BEGIN DATA TO PROCESS

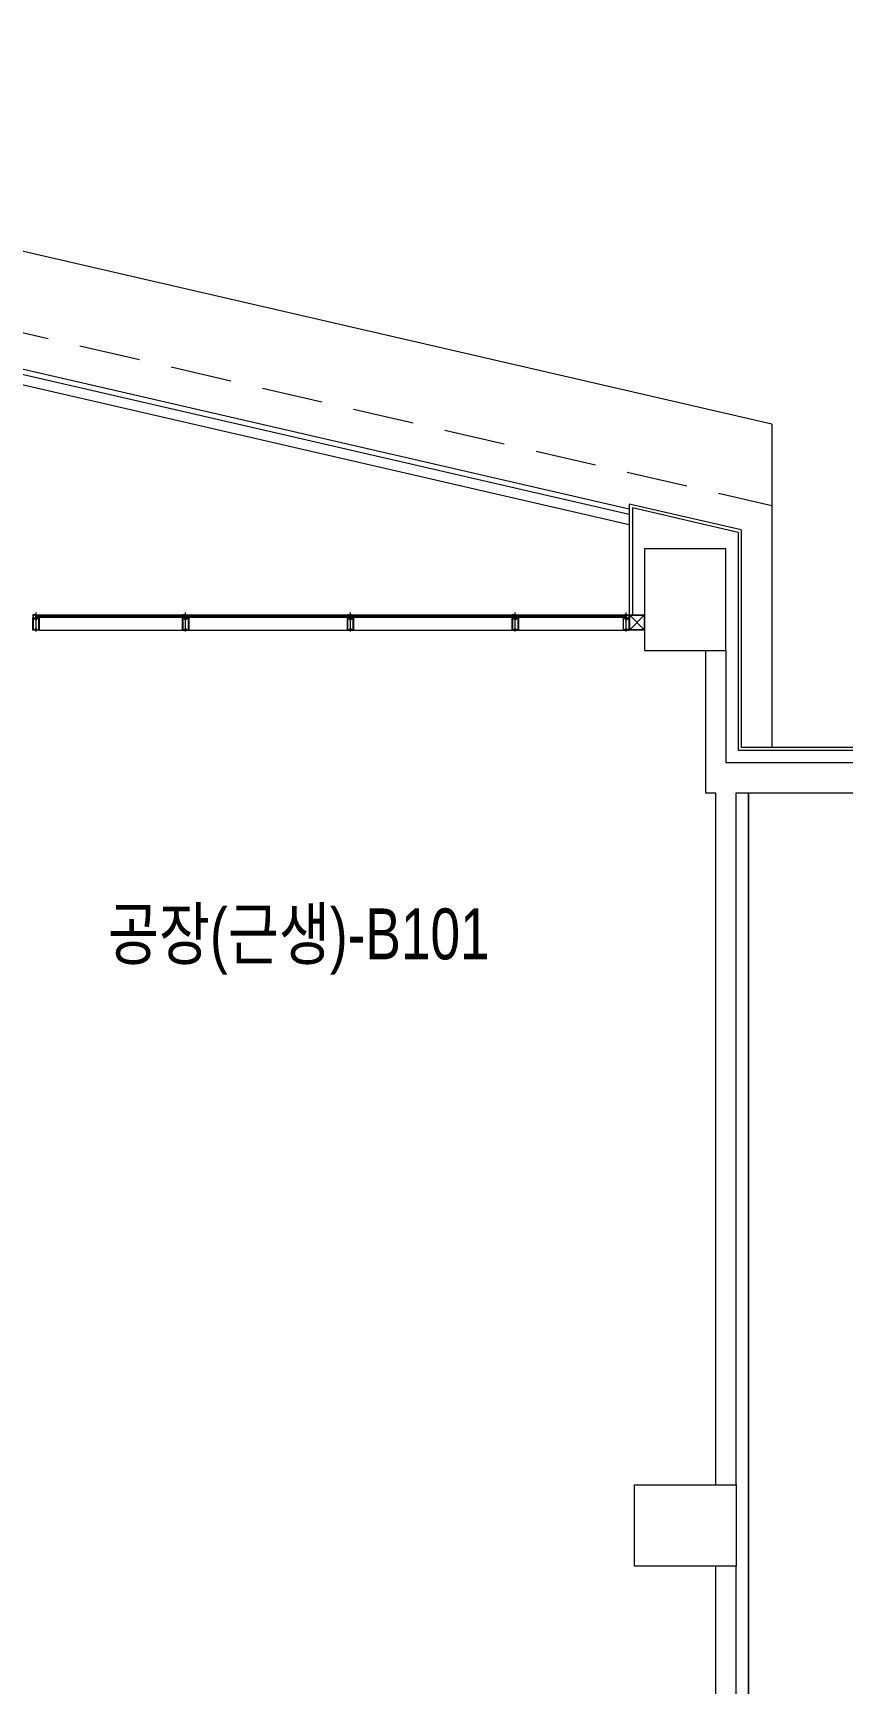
# Model space of a CAD drawing. Header units: millimetres. Extents: x 43806 to 399860, y -65551 to 59129.
# Drawn here: x 91360 to 99320, y 42796 to 59015 of the extents above; entities that cross this region are included whole.
import ezdxf
from ezdxf.enums import TextEntityAlignment as Align

# ---------------------------------------------------------------- set-up
doc = ezdxf.new("R2010")
doc.units = ezdxf.units.MM
doc.header["$LTSCALE"] = 400
doc.header["$MEASUREMENT"] = 0
doc.linetypes.add('HID', pattern=[2.3, 1.5, -0.8])
doc.layers.add('A', color=8, linetype='CONTINUOUS', lineweight=0)
doc.styles.add('CS', font='', dxfattribs={"height": 300})
doc.styles.get('CS').set_extended_font_data('HYwulM')

msp = doc.modelspace()

# ---------------------------------------------------------------- linework, layer by layer
at = {"layer": 'A', "ltscale": 2}
for p, q in [((98620, 55169), (81963, 59015)), ((97220, 54179), (90121, 55818)), ((98620, 55169), (98620, 51995)), ((98170, 53945), (97370, 53945)), ((97370, 53945), (97370, 52945)), ((98170, 52945), (98170, 53945)), ((97370, 52945), (98170, 52945)), ((97970, 52945), (97970, 51545)), ((98170, 52945), (98170, 51845)), ((98170, 51845), (102560, 51845)), ((97970, 51545), (98070, 51545)), ((98070, 44745), (98070, 51545)), ((98270, 51545), (102560, 51545)), ((98270, 44745), (98270, 51545)), ((98390, 40925), (98390, 51545)), ((98396, 40919), (98396, 51545)), ((97270, 44745), (98270, 44745)), ((97270, 43945), (97270, 44745)), ((98270, 44745), (98270, 43945)), ((98270, 43945), (97270, 43945)), ((98070, 41845), (98070, 43945)), ((98270, 41845), (98270, 43945))]:
    msp.add_line(p, q, dxfattribs=at)
at = {"layer": 'A', "linetype": 'HID'}
msp.add_line((81961, 58215), (98620, 54369), dxfattribs=at)
at = {"layer": 'A'}
for p, q in [((97220, 54333), (90154, 55964)), ((97220, 54281), (90143, 55915)), ((97220, 54384), (97220, 53295)), ((98320, 54130), (97220, 54384)), ((97250, 54346), (97250, 53295)), ((98290, 54106), (97250, 54346)), ((98290, 54106), (98290, 51965)), ((98320, 54130), (98320, 51995)), ((91394, 53295), (91360, 53295)), ((91360, 53295), (91360, 53264)), ((91360, 53258), (91360, 53264)), ((91360, 53264), (91387, 53264)), ((91360, 53264), (91381, 53264)), ((91362, 53258), (91360, 53258)), ((91360, 53147), (91360, 53258)), ((91360, 53258), (91368, 53258)), ((91392, 53293), (91362, 53293)), ((91362, 53293), (91362, 53266)), ((91362, 53266), (91381, 53266)), ((91362, 53261), (91362, 53258)), ((91367, 53257), (91362, 53257)), ((91362, 53257), (91362, 53148)), ((91367, 53262), (91363, 53262)), ((91369, 53255), (91367, 53257)), ((91368, 53258), (91368, 53261)), ((91369, 53257), (91368, 53258)), ((91368, 53258), (91369, 53257)), ((91371, 53258), (91369, 53257)), ((91369, 53257), (91371, 53258)), ((91371, 53257), (91369, 53255)), ((91371, 53261), (91371, 53258)), ((91371, 53258), (91381, 53254)), ((91380, 53254), (91371, 53257)), ((91380, 53262), (91372, 53262)), ((91380, 53252), (91380, 53254)), ((91381, 53264), (91381, 53266)), ((91381, 53250), (91381, 53261)), ((91381, 53254), (91381, 53252)), ((91386, 53249), (91382, 53249)), ((91397, 53262), (91383, 53262)), ((91383, 53262), (91383, 53251)), ((91383, 53251), (91386, 53251)), ((91385, 53275), (91387, 53276)), ((91387, 53274), (91385, 53275)), ((91386, 53251), (91386, 53249)), ((91394, 53276), (91387, 53276)), ((91394, 53274), (91387, 53274)), ((91389, 53266), (91389, 53287)), ((91390, 53133), (91390, 53319)), ((91392, 53270), (91392, 53293)), ((91392, 53287), (91392, 53266)), ((91392, 53270), (91392, 53270)), ((91394, 53270), (91392, 53270)), ((91394, 53271), (91394, 53295)), ((91394, 53290), (91401, 53270)), ((91394, 53271), (91401, 53290)), ((91394, 53270), (91394, 53290)), ((91394, 53290), (91401, 53290)), ((91394, 53277), (91394, 53273)), ((91395, 53276), (91394, 53276)), ((91394, 53276), (91394, 53276)), ((91394, 53276), (91394, 53276)), ((91394, 53276), (91394, 53276)), ((91394, 53276), (91394, 53276)), ((91394, 53276), (91394, 53276)), ((91394, 53276), (91394, 53276)), ((91394, 53276), (91394, 53276)), ((91394, 53276), (91394, 53276)), ((91394, 53276), (91394, 53276)), ((91394, 53276), (91394, 53276)), ((91394, 53276), (91394, 53276)), ((91394, 53276), (91394, 53276)), ((91394, 53276), (91394, 53276)), ((91394, 53276), (91394, 53276)), ((91394, 53276), (91394, 53276)), ((91394, 53276), (91394, 53276)), ((91394, 53276), (91394, 53276)), ((91394, 53276), (91394, 53276)), ((91394, 53276), (91394, 53276)), ((91394, 53276), (91394, 53276)), ((91394, 53276), (91394, 53276)), ((91394, 53276), (91394, 53276)), ((91394, 53276), (91394, 53276)), ((91394, 53276), (91394, 53276)), ((91394, 53276), (91394, 53276)), ((91394, 53276), (91394, 53276)), ((91394, 53276), (91394, 53276)), ((91394, 53276), (91394, 53276)), ((91394, 53276), (91394, 53276)), ((91394, 53276), (91394, 53276)), ((91394, 53276), (91394, 53276)), ((91394, 53276), (91394, 53276)), ((91394, 53276), (91394, 53276)), ((91394, 53276), (91394, 53276)), ((91394, 53276), (91394, 53276)), ((91394, 53276), (91394, 53276)), ((91394, 53276), (91394, 53275)), ((91394, 53275), (91394, 53275)), ((91394, 53275), (91394, 53275)), ((91394, 53275), (91394, 53275)), ((91394, 53275), (91394, 53275)), ((91394, 53275), (91394, 53275)), ((91394, 53275), (91394, 53275)), ((91394, 53275), (91394, 53275)), ((91394, 53275), (91394, 53275)), ((91394, 53275), (91394, 53275)), ((91394, 53275), (91394, 53275)), ((91394, 53275), (91394, 53275)), ((91394, 53275), (91394, 53275)), ((91394, 53275), (91394, 53275)), ((91394, 53275), (91394, 53275)), ((91394, 53275), (91394, 53275)), ((91394, 53275), (91394, 53275)), ((91394, 53275), (91394, 53275)), ((91394, 53275), (91394, 53275)), ((91394, 53275), (91394, 53275)), ((91394, 53275), (91394, 53275)), ((91394, 53275), (91394, 53275)), ((91394, 53275), (91394, 53275)), ((91394, 53275), (91394, 53275)), ((91394, 53275), (91394, 53275)), ((91394, 53275), (91394, 53275)), ((91394, 53275), (91394, 53275)), ((91394, 53275), (91394, 53275)), ((91394, 53275), (91394, 53275)), ((91394, 53275), (91394, 53275)), ((91394, 53275), (91394, 53275)), ((91394, 53275), (91394, 53275)), ((91394, 53275), (91394, 53275)), ((91394, 53275), (91394, 53275)), ((91394, 53275), (91394, 53275)), ((91394, 53275), (91394, 53275)), ((91394, 53275), (91394, 53275)), ((91394, 53275), (91394, 53275)), ((91394, 53275), (91394, 53275)), ((91394, 53275), (91394, 53275)), ((91394, 53275), (91394, 53275)), ((91394, 53275), (91394, 53275)), ((91394, 53275), (91394, 53275)), ((91394, 53275), (91394, 53275)), ((91394, 53275), (91394, 53275)), ((91394, 53275), (91394, 53275)), ((91394, 53275), (91394, 53275)), ((91394, 53275), (91394, 53275)), ((91394, 53275), (91394, 53275)), ((91394, 53275), (91394, 53275)), ((91394, 53275), (91394, 53275)), ((91394, 53275), (91394, 53275)), ((91394, 53275), (91394, 53275)), ((91394, 53275), (91394, 53275)), ((91394, 53275), (91394, 53275)), ((91394, 53275), (91394, 53275)), ((91394, 53275), (91394, 53275)), ((91394, 53275), (91394, 53275)), ((91394, 53275), (91394, 53275)), ((91394, 53275), (91394, 53275)), ((91394, 53275), (91394, 53275)), ((91394, 53275), (91394, 53275)), ((91394, 53275), (91394, 53275)), ((91394, 53275), (91394, 53275)), ((91394, 53275), (91394, 53275)), ((91394, 53275), (91394, 53275)), ((91394, 53275), (91394, 53275)), ((91394, 53275), (91394, 53275)), ((91394, 53275), (91394, 53275)), ((91394, 53275), (91394, 53275)), ((91394, 53275), (91394, 53275)), ((91394, 53275), (91394, 53275)), ((91394, 53275), (91394, 53275)), ((91394, 53275), (91394, 53275)), ((91394, 53275), (91394, 53275)), ((91394, 53275), (91394, 53275)), ((91394, 53275), (91394, 53275)), ((91394, 53275), (91394, 53275)), ((91394, 53275), (91394, 53275)), ((91394, 53275), (91394, 53275)), ((91394, 53275), (91394, 53275)), ((91394, 53275), (91394, 53275)), ((91394, 53275), (91394, 53275)), ((91394, 53275), (91394, 53275)), ((91394, 53275), (91394, 53275)), ((91394, 53275), (91394, 53275)), ((91394, 53275), (91394, 53275)), ((91394, 53275), (91394, 53275)), ((91394, 53275), (91394, 53275)), ((91394, 53275), (91394, 53275)), ((91394, 53275), (91394, 53275)), ((91394, 53275), (91394, 53275)), ((91394, 53275), (91394, 53275)), ((91394, 53275), (91394, 53275)), ((91394, 53275), (91394, 53275)), ((91394, 53275), (91394, 53275)), ((91394, 53275), (91394, 53275)), ((91394, 53275), (91394, 53275)), ((91394, 53275), (91394, 53275)), ((91394, 53275), (91394, 53275)), ((91394, 53275), (91394, 53275)), ((91394, 53275), (91394, 53275)), ((91394, 53275), (91394, 53275)), ((91394, 53275), (91394, 53275)), ((91394, 53275), (91394, 53275)), ((91394, 53275), (91394, 53275)), ((91394, 53275), (91394, 53274)), ((91394, 53274), (91394, 53274)), ((91394, 53274), (91394, 53274)), ((91394, 53274), (91394, 53274)), ((91394, 53274), (91394, 53274)), ((91394, 53274), (91394, 53274)), ((91394, 53274), (91394, 53274)), ((91394, 53274), (91394, 53274)), ((91394, 53274), (91394, 53274)), ((91394, 53274), (91394, 53274)), ((91394, 53274), (91394, 53274)), ((91394, 53274), (91394, 53274)), ((91394, 53274), (91394, 53274)), ((91394, 53274), (91394, 53274)), ((91394, 53274), (91394, 53274)), ((91394, 53274), (91394, 53274)), ((91394, 53274), (91394, 53274)), ((91394, 53274), (91394, 53274)), ((91394, 53274), (91394, 53274)), ((91394, 53274), (91394, 53274)), ((91394, 53274), (91394, 53274)), ((91394, 53274), (91394, 53274)), ((91394, 53274), (91394, 53274)), ((91394, 53274), (91394, 53274)), ((91394, 53274), (91394, 53274)), ((91394, 53274), (91394, 53274)), ((91394, 53274), (91394, 53274)), ((91394, 53274), (91394, 53274)), ((91394, 53274), (91394, 53274)), ((91394, 53274), (91394, 53274)), ((91394, 53274), (91394, 53274)), ((91394, 53274), (91394, 53274)), ((91394, 53274), (91394, 53274)), ((91394, 53274), (91394, 53274)), ((91394, 53274), (91394, 53274)), ((91394, 53274), (91394, 53274)), ((91394, 53274), (91394, 53274)), ((91394, 53274), (91394, 53274)), ((91394, 53274), (91394, 53274)), ((91394, 53274), (91394, 53274)), ((91394, 53274), (91394, 53274)), ((91394, 53274), (91394, 53274)), ((91394, 53274), (91394, 53274)), ((91394, 53274), (91394, 53274)), ((91394, 53274), (91394, 53274)), ((91394, 53274), (91394, 53274)), ((91394, 53274), (91395, 53274)), ((91401, 53270), (91394, 53270)), ((91394, 53264), (91420, 53264)), ((91394, 53249), (91394, 53251)), ((91394, 53251), (91397, 53251)), ((91398, 53249), (91394, 53249)), ((91397, 53251), (91397, 53262)), ((91399, 53261), (91399, 53250)), ((91417, 53262), (91400, 53262)), ((91402, 53295), (91401, 53294)), ((91401, 53290), (91401, 53294)), ((91402, 53289), (91401, 53290)), ((91401, 53290), (91401, 53270)), ((91401, 53276), (91402, 53277)), ((91401, 53272), (91401, 53276)), ((91402, 53271), (91401, 53272)), ((91402, 53295), (91412, 53295)), ((91402, 53289), (91413, 53289)), ((91402, 53277), (91413, 53277)), ((91402, 53264), (91402, 53271)), ((91402, 53271), (91412, 53271)), ((91412, 53264), (91402, 53264)), ((91410, 53289), (91407, 53287)), ((91410, 53288), (91407, 53287)), ((91407, 53278), (91407, 53287)), ((91407, 53278), (91407, 53287)), ((91410, 53277), (91407, 53278)), ((91410, 53277), (91407, 53278)), ((91410, 53288), (91412, 53288)), ((91410, 53277), (91412, 53277)), ((91412, 53295), (97169, 53295)), ((91412, 53289), (97168, 53289)), ((91412, 53277), (91412, 53288)), ((91413, 53280), (91412, 53280)), ((91412, 53277), (97168, 53277)), ((91412, 53271), (97169, 53271)), ((91412, 53271), (91412, 53264)), ((91413, 53277), (91413, 53289)), ((91418, 53148), (91418, 53261)), ((91420, 53264), (91420, 53145)), ((92852, 53295), (92830, 53295)), ((92852, 53289), (92830, 53289)), ((92852, 53277), (92830, 53277)), ((92852, 53271), (92830, 53271)), ((92830, 53258), (92830, 53264)), ((92830, 53264), (92857, 53264)), ((92830, 53147), (92830, 53258)), ((92830, 53258), (92838, 53258)), ((92832, 53258), (92830, 53258)), ((92832, 53261), (92832, 53258)), ((92837, 53257), (92832, 53257)), ((92832, 53257), (92832, 53148)), ((92837, 53262), (92833, 53262)), ((92839, 53255), (92837, 53257)), ((92838, 53258), (92838, 53261)), ((92838, 53258), (92839, 53257)), ((92839, 53257), (92838, 53258)), ((92839, 53257), (92841, 53258)), ((92841, 53258), (92839, 53257)), ((92841, 53257), (92839, 53255)), ((92841, 53277), (92841, 53289)), ((92841, 53277), (92841, 53288)), ((92843, 53288), (92841, 53288)), ((92841, 53280), (92841, 53280)), ((92843, 53277), (92841, 53277)), ((92841, 53261), (92841, 53258)), ((92841, 53258), (92851, 53254)), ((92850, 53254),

END DATA TO PROCESS

→ AIM OF THE TASK
Look over the records above and filter for each line with the word "dxfattribs".

→ ANSWER FOR THIS EXERCISE
doc.styles.add('CS', font='', dxfattribs={"height": 300})
    msp.add_line(p, q, dxfattribs=at)
msp.add_line((81961, 58215), (98620, 54369), dxfattribs=at)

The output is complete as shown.